(Beginning of Source information)

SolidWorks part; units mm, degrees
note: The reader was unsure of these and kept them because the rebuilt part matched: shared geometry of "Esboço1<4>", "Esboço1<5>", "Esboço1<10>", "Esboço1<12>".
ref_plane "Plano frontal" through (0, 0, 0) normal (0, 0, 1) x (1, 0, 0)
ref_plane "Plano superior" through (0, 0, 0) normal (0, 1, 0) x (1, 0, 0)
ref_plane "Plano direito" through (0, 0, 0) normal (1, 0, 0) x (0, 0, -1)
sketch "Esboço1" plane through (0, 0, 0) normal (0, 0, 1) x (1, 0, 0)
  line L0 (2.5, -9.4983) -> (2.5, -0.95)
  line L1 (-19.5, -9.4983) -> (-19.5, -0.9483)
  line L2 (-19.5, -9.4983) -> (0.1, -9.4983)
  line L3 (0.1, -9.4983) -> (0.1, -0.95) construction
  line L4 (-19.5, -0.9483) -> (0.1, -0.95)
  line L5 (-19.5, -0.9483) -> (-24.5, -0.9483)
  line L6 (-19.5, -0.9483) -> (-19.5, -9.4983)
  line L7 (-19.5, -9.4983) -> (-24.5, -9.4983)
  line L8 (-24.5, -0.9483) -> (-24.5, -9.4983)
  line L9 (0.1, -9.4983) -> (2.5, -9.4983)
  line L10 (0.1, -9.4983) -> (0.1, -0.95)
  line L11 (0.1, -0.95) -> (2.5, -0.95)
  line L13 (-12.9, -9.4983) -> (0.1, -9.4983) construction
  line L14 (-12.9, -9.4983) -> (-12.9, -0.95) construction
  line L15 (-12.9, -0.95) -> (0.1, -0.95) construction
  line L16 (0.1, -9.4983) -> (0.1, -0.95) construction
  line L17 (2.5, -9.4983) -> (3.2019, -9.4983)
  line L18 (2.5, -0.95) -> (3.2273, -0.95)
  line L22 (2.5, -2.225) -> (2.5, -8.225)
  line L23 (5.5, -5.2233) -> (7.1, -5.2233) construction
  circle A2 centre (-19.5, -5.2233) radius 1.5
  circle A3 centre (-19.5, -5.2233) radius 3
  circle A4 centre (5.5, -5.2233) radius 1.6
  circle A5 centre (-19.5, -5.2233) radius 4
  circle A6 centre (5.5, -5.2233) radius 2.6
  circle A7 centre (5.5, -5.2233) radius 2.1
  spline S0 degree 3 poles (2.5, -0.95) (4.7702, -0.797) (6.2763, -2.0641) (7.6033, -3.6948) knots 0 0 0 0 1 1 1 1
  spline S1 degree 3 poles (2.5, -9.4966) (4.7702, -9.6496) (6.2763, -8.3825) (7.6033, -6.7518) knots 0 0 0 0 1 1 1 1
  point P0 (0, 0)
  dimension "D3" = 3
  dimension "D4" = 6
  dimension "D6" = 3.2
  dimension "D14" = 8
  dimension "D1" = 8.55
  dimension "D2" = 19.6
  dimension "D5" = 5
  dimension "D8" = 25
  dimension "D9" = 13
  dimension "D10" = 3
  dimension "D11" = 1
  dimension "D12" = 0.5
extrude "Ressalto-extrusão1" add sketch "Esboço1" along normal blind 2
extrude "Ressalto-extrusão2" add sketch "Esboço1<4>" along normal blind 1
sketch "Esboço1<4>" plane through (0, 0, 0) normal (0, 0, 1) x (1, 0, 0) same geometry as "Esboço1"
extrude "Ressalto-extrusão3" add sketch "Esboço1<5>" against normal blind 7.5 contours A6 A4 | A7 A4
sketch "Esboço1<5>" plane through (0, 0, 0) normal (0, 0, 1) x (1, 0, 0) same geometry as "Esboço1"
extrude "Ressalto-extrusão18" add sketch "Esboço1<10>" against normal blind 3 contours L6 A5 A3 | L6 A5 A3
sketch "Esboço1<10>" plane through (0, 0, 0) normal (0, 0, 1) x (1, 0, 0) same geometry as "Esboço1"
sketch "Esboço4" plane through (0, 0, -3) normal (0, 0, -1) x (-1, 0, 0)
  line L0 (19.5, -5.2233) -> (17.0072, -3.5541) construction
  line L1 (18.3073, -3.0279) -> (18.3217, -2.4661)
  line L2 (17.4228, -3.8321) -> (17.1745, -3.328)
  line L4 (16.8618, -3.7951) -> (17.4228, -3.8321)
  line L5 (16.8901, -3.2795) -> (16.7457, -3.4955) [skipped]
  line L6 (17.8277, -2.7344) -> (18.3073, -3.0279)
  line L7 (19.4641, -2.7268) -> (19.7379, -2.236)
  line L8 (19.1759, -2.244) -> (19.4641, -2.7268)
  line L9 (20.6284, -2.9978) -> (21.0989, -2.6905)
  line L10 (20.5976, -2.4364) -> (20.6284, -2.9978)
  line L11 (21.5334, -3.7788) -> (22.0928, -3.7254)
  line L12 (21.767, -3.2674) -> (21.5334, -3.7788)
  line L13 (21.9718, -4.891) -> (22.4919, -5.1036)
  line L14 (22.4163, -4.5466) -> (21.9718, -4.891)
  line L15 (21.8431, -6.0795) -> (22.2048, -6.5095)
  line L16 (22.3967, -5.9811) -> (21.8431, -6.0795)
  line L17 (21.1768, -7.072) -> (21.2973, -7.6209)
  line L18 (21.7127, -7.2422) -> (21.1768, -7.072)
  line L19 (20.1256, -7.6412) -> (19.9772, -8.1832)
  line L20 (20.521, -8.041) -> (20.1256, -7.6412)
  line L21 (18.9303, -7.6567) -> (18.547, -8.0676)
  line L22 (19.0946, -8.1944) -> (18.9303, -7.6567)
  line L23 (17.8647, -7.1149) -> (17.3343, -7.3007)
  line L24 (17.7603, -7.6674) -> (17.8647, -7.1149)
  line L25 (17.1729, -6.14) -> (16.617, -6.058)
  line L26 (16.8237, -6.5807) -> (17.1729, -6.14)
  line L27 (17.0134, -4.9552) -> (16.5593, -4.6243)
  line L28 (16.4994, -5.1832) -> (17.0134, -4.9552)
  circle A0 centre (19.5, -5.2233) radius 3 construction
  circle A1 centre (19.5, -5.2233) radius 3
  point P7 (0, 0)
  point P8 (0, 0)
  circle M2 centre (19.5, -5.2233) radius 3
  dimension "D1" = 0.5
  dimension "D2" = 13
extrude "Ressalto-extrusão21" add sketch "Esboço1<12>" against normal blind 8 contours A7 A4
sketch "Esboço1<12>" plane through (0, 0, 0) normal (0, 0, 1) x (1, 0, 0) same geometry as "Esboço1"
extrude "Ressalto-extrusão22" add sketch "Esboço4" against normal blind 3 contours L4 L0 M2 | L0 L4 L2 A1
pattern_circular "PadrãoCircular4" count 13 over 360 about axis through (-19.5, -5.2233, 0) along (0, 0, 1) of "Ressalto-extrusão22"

(End of Source information)

Take each line in the listing that has the word "centre" and copy it.

* **Output below**:
  circle A2 centre (-19.5, -5.2233) radius 1.5
  circle A3 centre (-19.5, -5.2233) radius 3
  circle A4 centre (5.5, -5.2233) radius 1.6
  circle A5 centre (-19.5, -5.2233) radius 4
  circle A6 centre (5.5, -5.2233) radius 2.6
  circle A7 centre (5.5, -5.2233) radius 2.1
  circle A0 centre (19.5, -5.2233) radius 3 construction
  circle A1 centre (19.5, -5.2233) radius 3
  circle M2 centre (19.5, -5.2233) radius 3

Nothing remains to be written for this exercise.